Did you know that food-borne illness affects millions of people each year? A food-borne illness results when food that is contaminated with bacteria, viruses, parasites, or toxins are consumed. Here are some steps to take to be sure you don’t get a food-borne illness.

  1. Clean
    • Prepare your kitchen workspace before you begin cooking.
    • Always wash your hands with soap and warm water before touching any food. This ensures that any bacteria from your hands is not ending up in the food you are preparing.

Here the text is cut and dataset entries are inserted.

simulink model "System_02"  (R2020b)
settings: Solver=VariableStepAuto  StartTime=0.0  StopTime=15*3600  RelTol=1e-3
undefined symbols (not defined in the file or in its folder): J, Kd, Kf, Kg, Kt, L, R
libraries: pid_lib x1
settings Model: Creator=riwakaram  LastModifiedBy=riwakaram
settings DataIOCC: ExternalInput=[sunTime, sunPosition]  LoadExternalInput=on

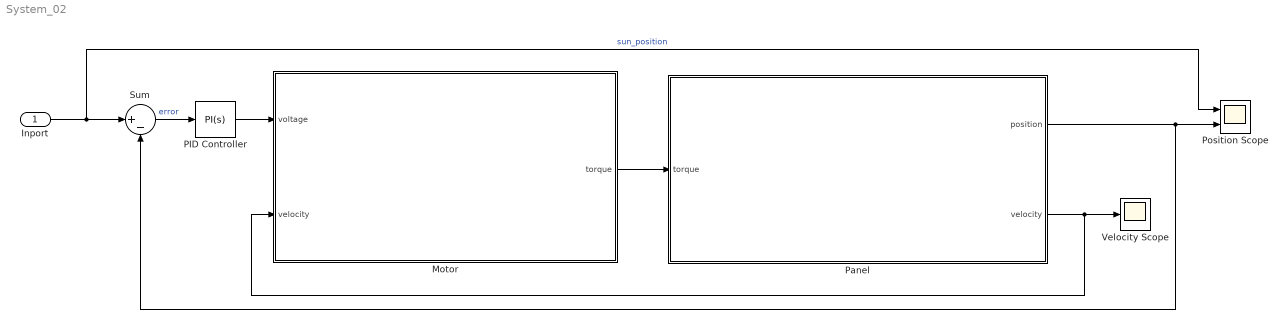
== system System_02 ==
  Inport : Inport
  Motor : Subsystem
  PID Controller : pid_lib/PID Controller  Controller=PI  Form=Parallel  TimeDomain=Continuous-time  UseExternalTs=off  SampleTime=-1  IntegratorMethod=Forward Euler  FilterMethod=Forward Euler  ControllerParametersSource=internal  P=240  I=180  D=0  UseFilter=on  N=100  TunerSelectOption=Transfer Function Based (PID Tuner App)  InitialConditionSource=internal  InitialConditionForIntegrator=0  InitialConditionForFilter=0  DifferentiatorICPrevScaledInput=0  ExternalReset=none  TrackingMode=off  Kt=1  LimitOutput=off  SatLimitsSource=internal  UpperSaturationLimit=inf  LowerSaturationLimit=-inf  LinearizeAsGain=on  AntiWindupMode=none  Kb=1  POutMin=[]  POutMax=[]  IOutMin=[]  IOutMax=[]  DOutMin=[]  DOutMax=[]  NOutMin=[]  NOutMax=[]  SumOutMin=[]  SumOutMax=[]  SaturationOutMin=[]  SaturationOutMax=[]  PParamMin=[]  PParamMax=[]  IParamMin=[]  IParamMax=[]  DParamMin=[]  DParamMax=[]  NParamMin=[]  NParamMax=[]  KbParamMin=[]  KbParamMax=[]  KtParamMin=[]  KtParamMax=[]  KbOutMin=[]  KbOutMax=[]  KtOutMin=[]  KtOutMax=[]  IntegratorOutMin=[]  IntegratorOutMax=[]  FilterOutMin=[]  FilterOutMax=[]  SumI1OutMin=[]  SumI1OutMax=[]  SumI2OutMin=[]  SumI2OutMax=[]  SumI3OutMin=[]  SumI3OutMax=[]  SumI4OutMin=[]  SumI4OutMax=[]  SumDOutMin=[]  SumDOutMax=[]  DifferentiatorOutMin=[]  DifferentiatorOutMax=[]  FilterDiffOutCoefMin=[]  FilterDiffOutCoefMax=[]  ReciprocalOutMin=[]  ReciprocalOutMax=[]  SumDenOutMin=[]  SumDenOutMax=[]  SumNumOutMin=[]  SumNumOutMax=[]  DivideOutMin=[]  DivideOutMax=[]  UdiffTsProdOutMin=[]  UdiffTsProdOutMax=[]  NTsProdOutMin=[]  NTsProdOutMax=[]  UintegralTsProdOutMin=[]  UintegralTsProdOutMax=[]  UngainTsProdOutMin=[]  UngainTsProdOutMax=[]  IntegratorContinuousStateAttributes=''  IntegratorStateMustResolveToSignalObject=off  IntegratorRTWStateStorageClass=Auto  FilterContinuousStateAttributes=''  FilterStateMustResolveToSignalObject=off  FilterRTWStateStorageClass=Auto  ParallelPVariant=InternalParameters  IdealPVariant=Disabled  IVariant=InternalParameters  DVariant=Disabled  IntegratorVariant=Continuous  SatVariant=Disabled  AWVariant=Passthrough  PCopyVariant=Disabled  TRVariant=Disabled  FdbkBlocksVariant=Forward  IdealPFdbkVariant=Disabled  SatFdbkVariant=Disabled  DerivativeFilterVariant=Disabled  NVariant=Disabled  NCopyVariant=Disabled_SignalSpec  FilterICVariant=Disabled  IntegratorICVariant=InternalICs  ExternalResetVariant=Disabled  TRSumVariant=Passthrough  SumFdbkVariant=Disabled  SumVariant=Sum_PI  TsampFilterVariant=InternalTs  TsampNgainVariant=Passthrough  TsampIntegralVariant=Passthrough  ExternalSaturationOutDataTypeStr=Inherit: Same as second input
  Panel : Subsystem
  Position Scope : Scope  NumInputPorts=2
  Sum : Sum  Inputs=|+-
  Velocity Scope : Scope
  wires:
  Panel/2(velocity) -> Velocity Scope/1, Motor/2(velocity)
  PID Controller/1 -> Motor/1(voltage)
  Sum/1 -> PID Controller/1  "error"
  Inport/1 -> Position Scope/1, Sum/1  "sun_position"
  Motor/1(torque) -> Panel/1(torque)
  Panel/1(position) -> Sum/2, Position Scope/2

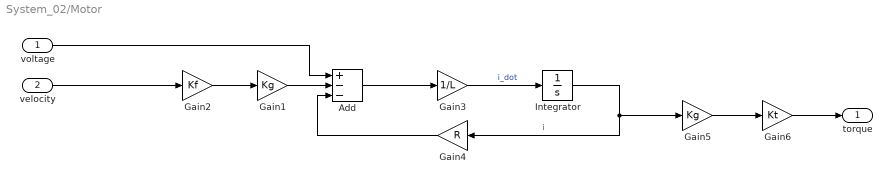
== system System_02/Motor ==
  voltage : Inport
  velocity : Inport  Port=2
  Add : Sum  Inputs=+--
  Gain1 : Gain  Gain=Kg
  Gain2 : Gain  Gain=Kf
  Gain3 : Gain  Gain=1/L
  Gain4 : Gain  Gain=R
  Gain5 : Gain  Gain=Kg
  Gain6 : Gain  Gain=Kt
  Integrator : Integrator
  torque : Outport
  wires:
  Gain1/1 -> Add/2
  voltage/1 -> Add/1
  Gain4/1 -> Add/3
  velocity/1 -> Gain2/1
  Gain2/1 -> Gain1/1
  Integrator/1 -> Gain5/1, Gain4/1  "i"
  Add/1 -> Gain3/1
  Gain3/1 -> Integrator/1  "i_dot"
  Gain5/1 -> Gain6/1
  Gain6/1 -> torque/1

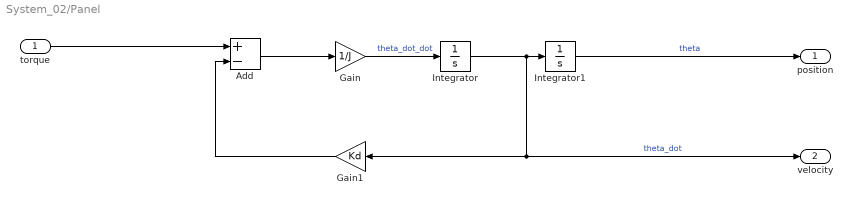
== system System_02/Panel ==
  torque : Inport
  Add : Sum  Inputs=+-
  Gain : Gain  Gain=1/J
  Gain1 : Gain  Gain=Kd
  Integrator : Integrator
  Integrator1 : Integrator
  position : Outport
  velocity : Outport  Port=2
  wires:
  torque/1 -> Add/1
  Gain1/1 -> Add/2
  Gain/1 -> Integrator/1  "theta_dot_dot"
  Add/1 -> Gain/1
  Integrator1/1 -> position/1  "theta"
  Integrator/1 -> Gain1/1, velocity/1, Integrator1/1  "theta_dot"

    • Clean your surfaces before cooking. Your surfaces should be washed with hot, soapy water. If you want to sanitize, mix a solution of 1 tablespoon of bleach per gallon of water.
    • Rinse your fresh fruits and vegetables under running water to wash off any leftover debris and germs. Dry fruits and vegetables with a clean paper towel.
  2. Store
    • Place raw seafood, meat, and poultry in plastic bags in the refrigerator. Store them below foods that are ready to eat like fresh fruits and vegetables that will not be cooked.
    • Always use a clean cutting board for fresh produce and a separate one for raw seafood, meat, and poultry. Be conscious of cross contamination of raw seafood, meat, and poultry.
  3. Cook
    • Use a food thermometer when cooking. Be sure to check the internal temperature of seafood, meat, and poultry before eating.
    • If using a marinade on raw foods, use leftover marinade as a sauce! Bring the marinade to a boil for 5 minutes and serve over your marinated meat.
  4. Chill
    • Your refrigerator should be 40 degrees Fahrenheit or below.
    • Perishable foods such as dairy products, meats, and fruits and vegetables that have been cut, peeled, or cooked should be refrigerated within 2 hours.
    • Always thaw in the refrigerator, in cold water, or in the microwave. Never thaw frozen food on the counter.
    • Avoid the “temperature danger zone.” The temperature danger zone is temperatures between 40 degrees Fahrenheit and 140 degrees Fahrenheit. This range of temperatures is dangerous because it is when bacteria grows most rapidly. Be sure your food is cooled to 40 degrees Fahrenheit or below and hot food is heated to 140 degrees Fahrenheit or above.